Exercise input:

__________________________________________________

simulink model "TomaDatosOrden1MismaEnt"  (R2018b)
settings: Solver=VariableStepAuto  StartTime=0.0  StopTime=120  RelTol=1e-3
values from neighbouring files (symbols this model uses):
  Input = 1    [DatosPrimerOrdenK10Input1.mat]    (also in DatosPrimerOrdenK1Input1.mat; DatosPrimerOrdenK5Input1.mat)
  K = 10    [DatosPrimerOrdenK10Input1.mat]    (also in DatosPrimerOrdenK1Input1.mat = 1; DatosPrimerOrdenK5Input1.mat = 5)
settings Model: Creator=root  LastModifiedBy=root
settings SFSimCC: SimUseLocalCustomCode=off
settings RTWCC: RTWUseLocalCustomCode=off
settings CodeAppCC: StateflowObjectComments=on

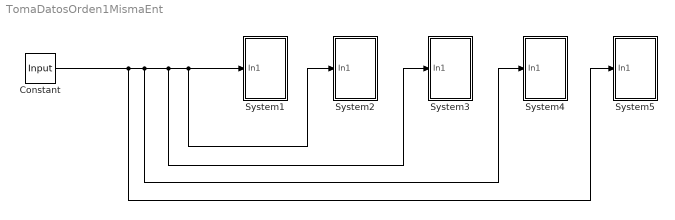
== system TomaDatosOrden1MismaEnt ==
  Constant : Constant  Value=Input
  System1 : Subsystem
  System2 : Subsystem
  System3 : Subsystem
  System4 : Subsystem
  System5 : Subsystem
  wires:
  Constant/1 -> System5/1(In1), System4/1(In1), System3/1(In1), System2/1(In1), System1/1(In1)

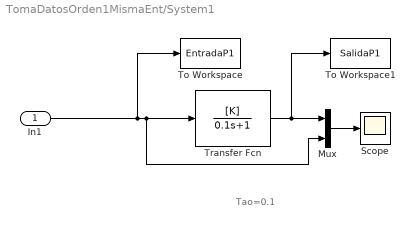
== system TomaDatosOrden1MismaEnt/System1 ==
  note: Tao=0.1
  In1 : Inport
  Mux : Mux  Inputs=2
  Scope : Scope
  To Workspace : ToWorkspace  VariableName=EntradaP1  SampleTime=0.01
  To Workspace1 : ToWorkspace  VariableName=SalidaP1  SampleTime=0.01
  Transfer Fcn : TransferFcn  Numerator=[K]  Denominator=[0.1 1]
  wires:
  Mux/1 -> Scope/1
  In1/1 -> To Workspace/1, Mux/2, Transfer Fcn/1
  Transfer Fcn/1 -> To Workspace1/1, Mux/1

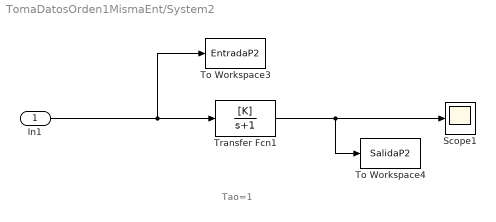
== system TomaDatosOrden1MismaEnt/System2 ==
  note: Tao=1
  In1 : Inport
  Scope1 : Scope
  To Workspace3 : ToWorkspace  VariableName=EntradaP2  SampleTime=0.01
  To Workspace4 : ToWorkspace  VariableName=SalidaP2  SampleTime=0.01
  Transfer Fcn1 : TransferFcn  Numerator=[K]  Denominator=[1 1]
  wires:
  Transfer Fcn1/1 -> To Workspace4/1, Scope1/1
  In1/1 -> To Workspace3/1, Transfer Fcn1/1

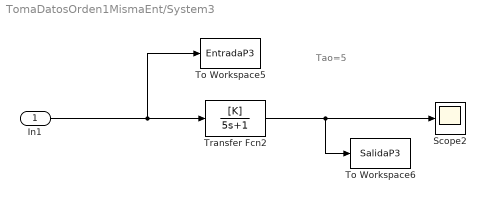
== system TomaDatosOrden1MismaEnt/System3 ==
  note: Tao=5
  In1 : Inport
  Scope2 : Scope
  To Workspace5 : ToWorkspace  VariableName=EntradaP3  SampleTime=0.01
  To Workspace6 : ToWorkspace  VariableName=SalidaP3  SampleTime=0.01
  Transfer Fcn2 : TransferFcn  Numerator=[K]  Denominator=[5 1]
  wires:
  Transfer Fcn2/1 -> To Workspace6/1, Scope2/1
  In1/1 -> To Workspace5/1, Transfer Fcn2/1

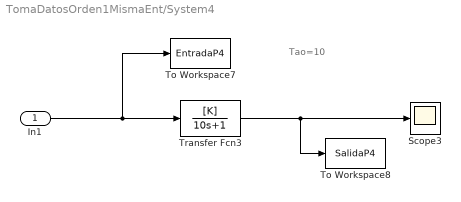
== system TomaDatosOrden1MismaEnt/System4 ==
  note: Tao=10
  In1 : Inport
  Scope3 : Scope
  To Workspace7 : ToWorkspace  VariableName=EntradaP4  SampleTime=0.01
  To Workspace8 : ToWorkspace  VariableName=SalidaP4  SampleTime=0.01
  Transfer Fcn3 : TransferFcn  Numerator=[K]  Denominator=[10 1]
  wires:
  Transfer Fcn3/1 -> To Workspace8/1, Scope3/1
  In1/1 -> To Workspace7/1, Transfer Fcn3/1

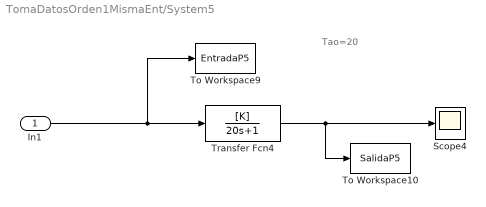
== system TomaDatosOrden1MismaEnt/System5 ==
  note: Tao=20
  In1 : Inport
  Scope4 : Scope
  To Workspace10 : ToWorkspace  VariableName=SalidaP5  SampleTime=0.01
  To Workspace9 : ToWorkspace  VariableName=EntradaP5  SampleTime=0.01
  Transfer Fcn4 : TransferFcn  Numerator=[K]  Denominator=[20 1]
  wires:
  Transfer Fcn4/1 -> To Workspace10/1, Scope4/1
  In1/1 -> To Workspace9/1, Transfer Fcn4/1
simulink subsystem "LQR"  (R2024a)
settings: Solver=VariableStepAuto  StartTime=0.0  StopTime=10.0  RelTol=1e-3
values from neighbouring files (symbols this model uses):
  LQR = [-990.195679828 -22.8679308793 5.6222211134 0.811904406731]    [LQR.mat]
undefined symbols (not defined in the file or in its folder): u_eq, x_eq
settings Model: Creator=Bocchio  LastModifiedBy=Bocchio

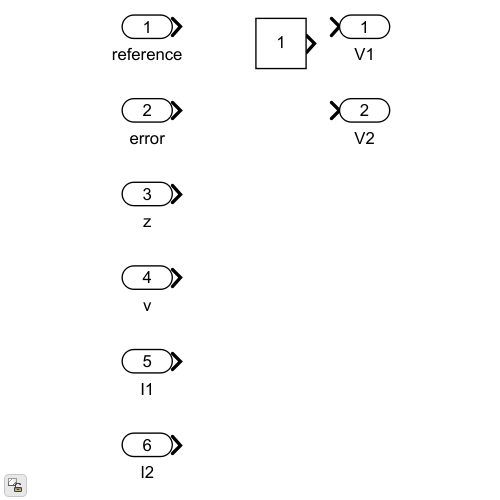
[thumbnail: Simulink's stored preview of the top-level diagram]
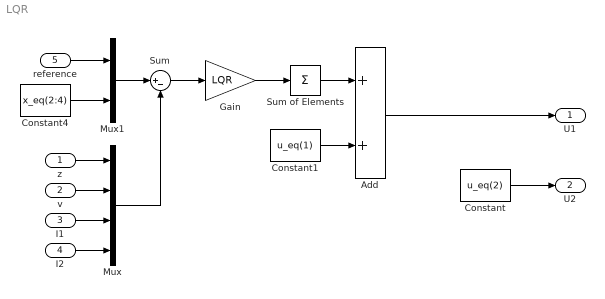
== system LQR ==
  z : Inport
  v : Inport  Port=2
  I1 : Inport  Port=3
  I2 : Inport  Port=4
  reference : Inport  Port=5
  Add : Sum
  Constant : Constant  Value=u_eq(2)
  Constant1 : Constant  Value=u_eq(1)
  Constant4 : Constant  Value=x_eq(2:4)
  Gain : Gain  Gain=LQR
  Mux : Mux
  Mux1 : Mux  Inputs=2
  Sum : Sum  Inputs=|+-
  Sum of Elements : Sum  Inputs=+
  U1 : Outport
  U2 : Outport  Port=2
  wires:
  Constant/1 -> U2/1
  Gain/1 -> Sum of Elements/1
  Add/1 -> U1/1
  Constant1/1 -> Add/2
  Constant4/1 -> Mux1/2
  z/1 -> Mux/1
  v/1 -> Mux/2
  I1/1 -> Mux/3
  I2/1 -> Mux/4
  reference/1 -> Mux1/1
  Sum/1 -> Gain/1
  Mux1/1 -> Sum/1
  Mux/1 -> Sum/2
  Sum of Elements/1 -> Add/1

__________________________________________________

Give back, unchanged, every line from the one with "U1 : Outport" to the end of the entries above.

Solved exercise:
  U1 : Outport
  U2 : Outport  Port=2
  wires:
  Constant/1 -> U2/1
  Gain/1 -> Sum of Elements/1
  Add/1 -> U1/1
  Constant1/1 -> Add/2
  Constant4/1 -> Mux1/2
  z/1 -> Mux/1
  v/1 -> Mux/2
  I1/1 -> Mux/3
  I2/1 -> Mux/4
  reference/1 -> Mux1/1
  Sum/1 -> Gain/1
  Mux1/1 -> Sum/1
  Mux/1 -> Sum/2
  Sum of Elements/1 -> Add/1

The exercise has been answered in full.